◆ BRIEF: From the first line of the data below through the line holding "GND: C1.1, C2.2, D1.2", output each line exactly and leave the pictures out.

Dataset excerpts
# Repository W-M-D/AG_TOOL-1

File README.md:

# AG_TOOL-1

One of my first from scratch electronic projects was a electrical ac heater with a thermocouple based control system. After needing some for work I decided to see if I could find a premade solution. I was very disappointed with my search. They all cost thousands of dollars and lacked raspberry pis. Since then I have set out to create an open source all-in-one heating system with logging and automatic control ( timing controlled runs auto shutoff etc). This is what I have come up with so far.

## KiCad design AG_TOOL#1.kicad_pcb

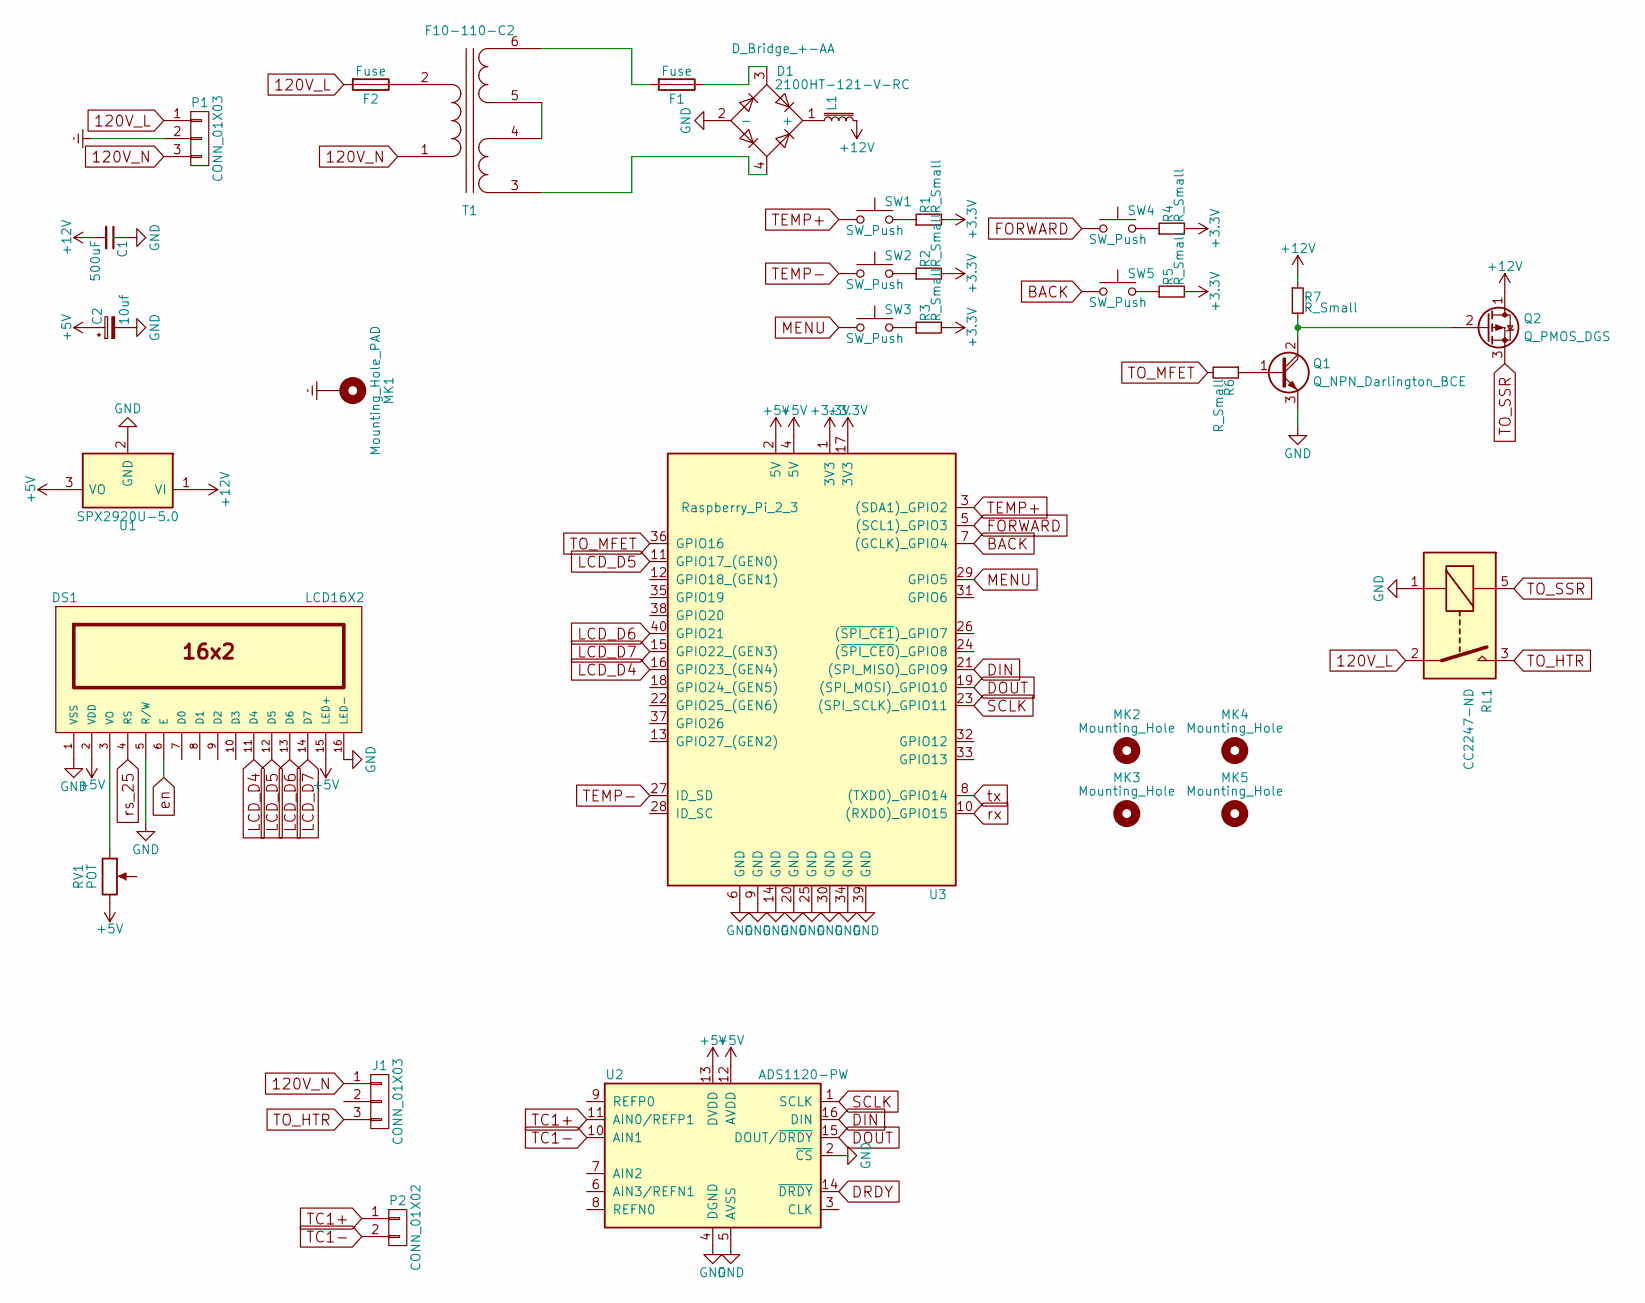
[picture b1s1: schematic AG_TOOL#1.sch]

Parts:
C1: 500uF; CP_Radial_D10.0mm_P3.50mm
C2: 10uf; C_1206
D1: D_Bridge_+-AA; Diode_Bridge_15.7x15.7
DS1: LCD16X2; Pin_Header_Straight_2x08_Pitch2.00mm
F1: Fuse; Fuse_0679H
F2: Fuse; Fuseholder_ATO_Blade_littlefuse_Pudenz_2_Pin
J1: CONN_01X03; SDF-30J
L1: 2100HT-121-V-RC; Choke_Toroid_horizontal_Diameter3-5mm_Amidon-T12
MK1: Mounting_Hole_PAD; MountingHole_4mm
MK2, MK3, MK4, MK5: Mounting_Hole; MountingHole_4mm
P1: CONN_01X03; 703W-0053
P2: CONN_01X02; K_ANSI_THERMOCOUPLE_SOCKET_PCB
Q1: Q_NPN_Darlington_BCE; SOT-23
Q2: Q_PMOS_DGS; SOT-23
R1, R2, R3, R4, R5, R6, R7: R_Small; R_0402
RL1: CC2247-ND; MCX240A5R
RV1: POT; Potentiometer_Bourns_3005_Angular_ScrewFront
SW1, SW2, SW3, SW4, SW5: SW_Push; SW_SPST_B3S-1000
T1: F10-110-C2
U1: SPX2920U-5.0; SOT-223-3Lead_TabPin2
U2: ADS1120-PW; TSSOP-16_4.4x5mm_Pitch0.65mm
U3: Raspberry_Pi_2_3; Pin_Header_Angled_2x20_Pitch2.00mm

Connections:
120V_L: F2.2, P1.1, RL1.2
120V_N: J1.1, P1.3, T1.1 (AA)
+3V3: R1.2, R2.2, R3.2, R4.2, R5.2, U3.1 (3V3), U3.17 (3V3)
+5V: C2.1, DS1.2 (VDD), DS1.15 (LED+), RV1.3, U1.3 (VO), U2.12 (AVDD), U2.13 (DVDD), U3.2 (5V), U3.4 (5V)
+12V: C1.2, L1.2, Q2.1 (D), R7.1, U1.1 (VI)
BACK: SW5.1, U3.7 ((GCLK)_GPIO4)
DIN: U2.16 (DIN), U3.21 ((SPI_MISO)_GPIO9)
DOUT: U2.15 (DOUT/~DRDY), U3.19 ((SPI_MOSI)_GPIO10)
DRDY: U2.14 (~DRDY)
Earth: MK1.1, P1.2
FORWARD: SW4.1, U3.5 ((SCL1)_GPIO3)
GND: C1.1, C2.2, D1.2 (-), DS1.1 (VSS), DS1.5 (R/W), DS1.16 (LED-), Q1.3 (E), RL1.1, U1.2 (GND), U2.2 (~CS), U2.4 (DGND), U2.5 (AVSS), U3.6 (GND), U3.9 (GND), U3.14 (GND), U3.20 (GND), U3.25 (GND), U3.30 (GND), U3.34 (GND), U3.39 (GND)
LCD_D4: DS1.11 (D4), U3.16 (GPIO23_(GEN4))
LCD_D5: DS1.12 (D5), U3.11 (GPIO17_(GEN0))
LCD_D6: DS1.13 (D6), U3.40 (GPIO21)
LCD_D7: DS1.14 (D7), U3.15 (GPIO22_(GEN3))
MENU: SW3.1, U3.29 (GPIO5)
unnamed: D1.1 (+), L1.1
unnamed: D1.3, F1.1
unnamed: D1.4, T1.3 (SA)
unnamed: DS1.3 (VO), RV1.1
unnamed: F1.2, T1.6 (SD)
unnamed: F2.1, T1.2 (AB)
unnamed: Q1.1 (B), R6.1
unnamed: Q1.2 (C), Q2.2 (G), R7.2
unnamed: R1.1, SW1.2
unnamed: R2.1, SW2.2
unnamed: R3.1, SW3.2
unnamed: R4.1, SW4.2
unnamed: R5.1, SW5.2
unnamed: T1.4 (SB), T1.5 (SC)
SCLK: U2.1 (SCLK), U3.23 ((SPI_SCLK)_GPIO11)
TC1+: P2.1, U2.11 (AIN0/REFP1)
TC1-: P2.2, U2.10 (AIN1)
TEMP+: SW1.1, U3.3 ((SDA1)_GPIO2)
TEMP-: SW2.1, U3.27 (ID_SD)
TO_HTR: J1.3, RL1.3
TO_MFET: R6.2, U3.36 (GPIO16)
TO_SSR: Q2.3 (S), RL1.5
en: DS1.6 (E)
rs_25: DS1.4 (RS)
rx: U3.10 ((RXD0)_GPIO15)
tx: U3.8 ((TXD0)_GPIO14)

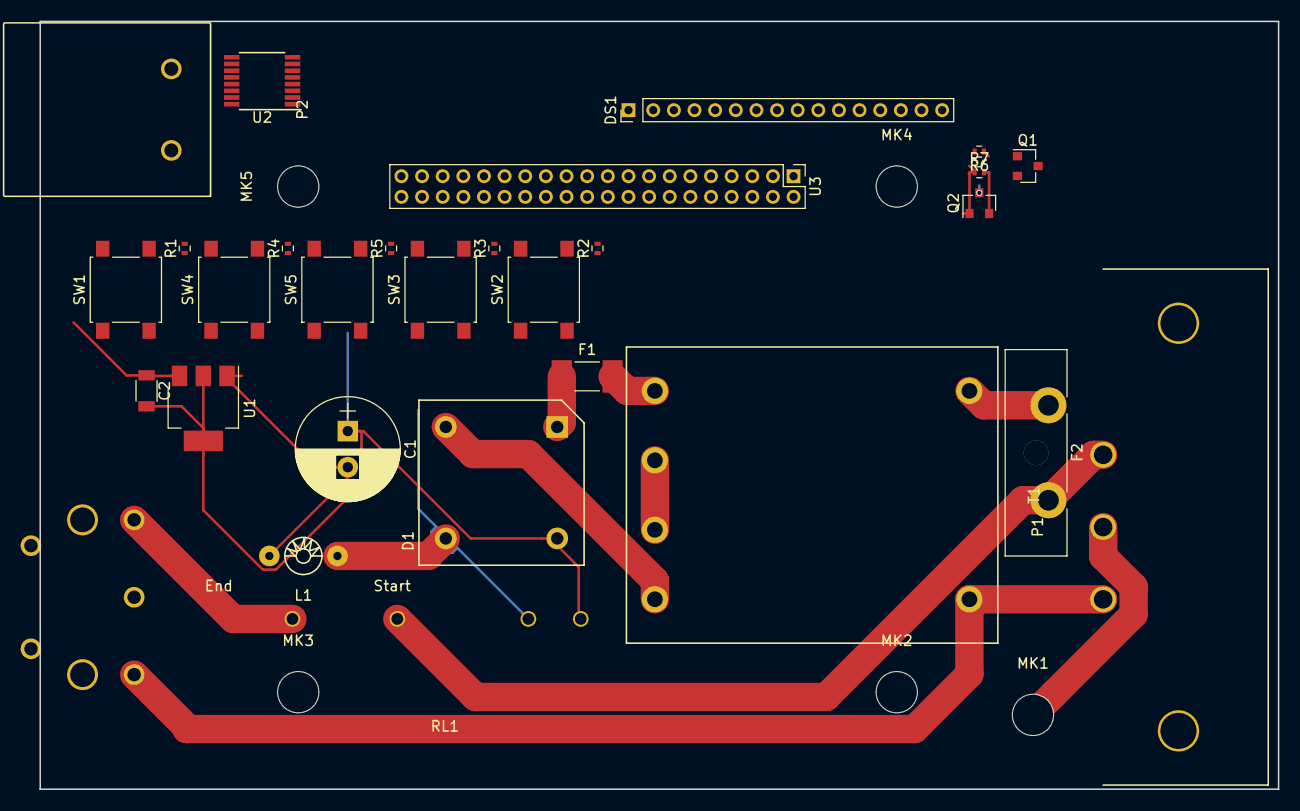
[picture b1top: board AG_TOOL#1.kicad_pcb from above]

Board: 2 copper layers, 120.0 x 74.4 mm, 34 parts (0 on the bottom side), 37 nets.

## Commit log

2017-08-19 init commit
2017-08-19 updating readme
2017-08-19 Adding in another fuse for the 120v line and a choke for the dc output
2017-08-22 well i need to go to sleep now but i added in a din connector for the heater output and started routing a little it's comming together nicely
2017-08-27 changed some parts

◆ SOLUTION TO THIS PROBLEM:
# Repository W-M-D/AG_TOOL-1

File README.md:

# AG_TOOL-1

One of my first from scratch electronic projects was a electrical ac heater with a thermocouple based control system. After needing some for work I decided to see if I could find a premade solution. I was very disappointed with my search. They all cost thousands of dollars and lacked raspberry pis. Since then I have set out to create an open source all-in-one heating system with logging and automatic control ( timing controlled runs auto shutoff etc). This is what I have come up with so far.

## KiCad design AG_TOOL#1.kicad_pcb

[picture b1s1: schematic AG_TOOL#1.sch]

Parts:
C1: 500uF; CP_Radial_D10.0mm_P3.50mm
C2: 10uf; C_1206
D1: D_Bridge_+-AA; Diode_Bridge_15.7x15.7
DS1: LCD16X2; Pin_Header_Straight_2x08_Pitch2.00mm
F1: Fuse; Fuse_0679H
F2: Fuse; Fuseholder_ATO_Blade_littlefuse_Pudenz_2_Pin
J1: CONN_01X03; SDF-30J
L1: 2100HT-121-V-RC; Choke_Toroid_horizontal_Diameter3-5mm_Amidon-T12
MK1: Mounting_Hole_PAD; MountingHole_4mm
MK2, MK3, MK4, MK5: Mounting_Hole; MountingHole_4mm
P1: CONN_01X03; 703W-0053
P2: CONN_01X02; K_ANSI_THERMOCOUPLE_SOCKET_PCB
Q1: Q_NPN_Darlington_BCE; SOT-23
Q2: Q_PMOS_DGS; SOT-23
R1, R2, R3, R4, R5, R6, R7: R_Small; R_0402
RL1: CC2247-ND; MCX240A5R
RV1: POT; Potentiometer_Bourns_3005_Angular_ScrewFront
SW1, SW2, SW3, SW4, SW5: SW_Push; SW_SPST_B3S-1000
T1: F10-110-C2
U1: SPX2920U-5.0; SOT-223-3Lead_TabPin2
U2: ADS1120-PW; TSSOP-16_4.4x5mm_Pitch0.65mm
U3: Raspberry_Pi_2_3; Pin_Header_Angled_2x20_Pitch2.00mm

Connections:
120V_L: F2.2, P1.1, RL1.2
120V_N: J1.1, P1.3, T1.1 (AA)
+3V3: R1.2, R2.2, R3.2, R4.2, R5.2, U3.1 (3V3), U3.17 (3V3)
+5V: C2.1, DS1.2 (VDD), DS1.15 (LED+), RV1.3, U1.3 (VO), U2.12 (AVDD), U2.13 (DVDD), U3.2 (5V), U3.4 (5V)
+12V: C1.2, L1.2, Q2.1 (D), R7.1, U1.1 (VI)
BACK: SW5.1, U3.7 ((GCLK)_GPIO4)
DIN: U2.16 (DIN), U3.21 ((SPI_MISO)_GPIO9)
DOUT: U2.15 (DOUT/~DRDY), U3.19 ((SPI_MOSI)_GPIO10)
DRDY: U2.14 (~DRDY)
Earth: MK1.1, P1.2
FORWARD: SW4.1, U3.5 ((SCL1)_GPIO3)
GND: C1.1, C2.2, D1.2 (-), DS1.1 (VSS), DS1.5 (R/W), DS1.16 (LED-), Q1.3 (E), RL1.1, U1.2 (GND), U2.2 (~CS), U2.4 (DGND), U2.5 (AVSS), U3.6 (GND), U3.9 (GND), U3.14 (GND), U3.20 (GND), U3.25 (GND), U3.30 (GND), U3.34 (GND), U3.39 (GND)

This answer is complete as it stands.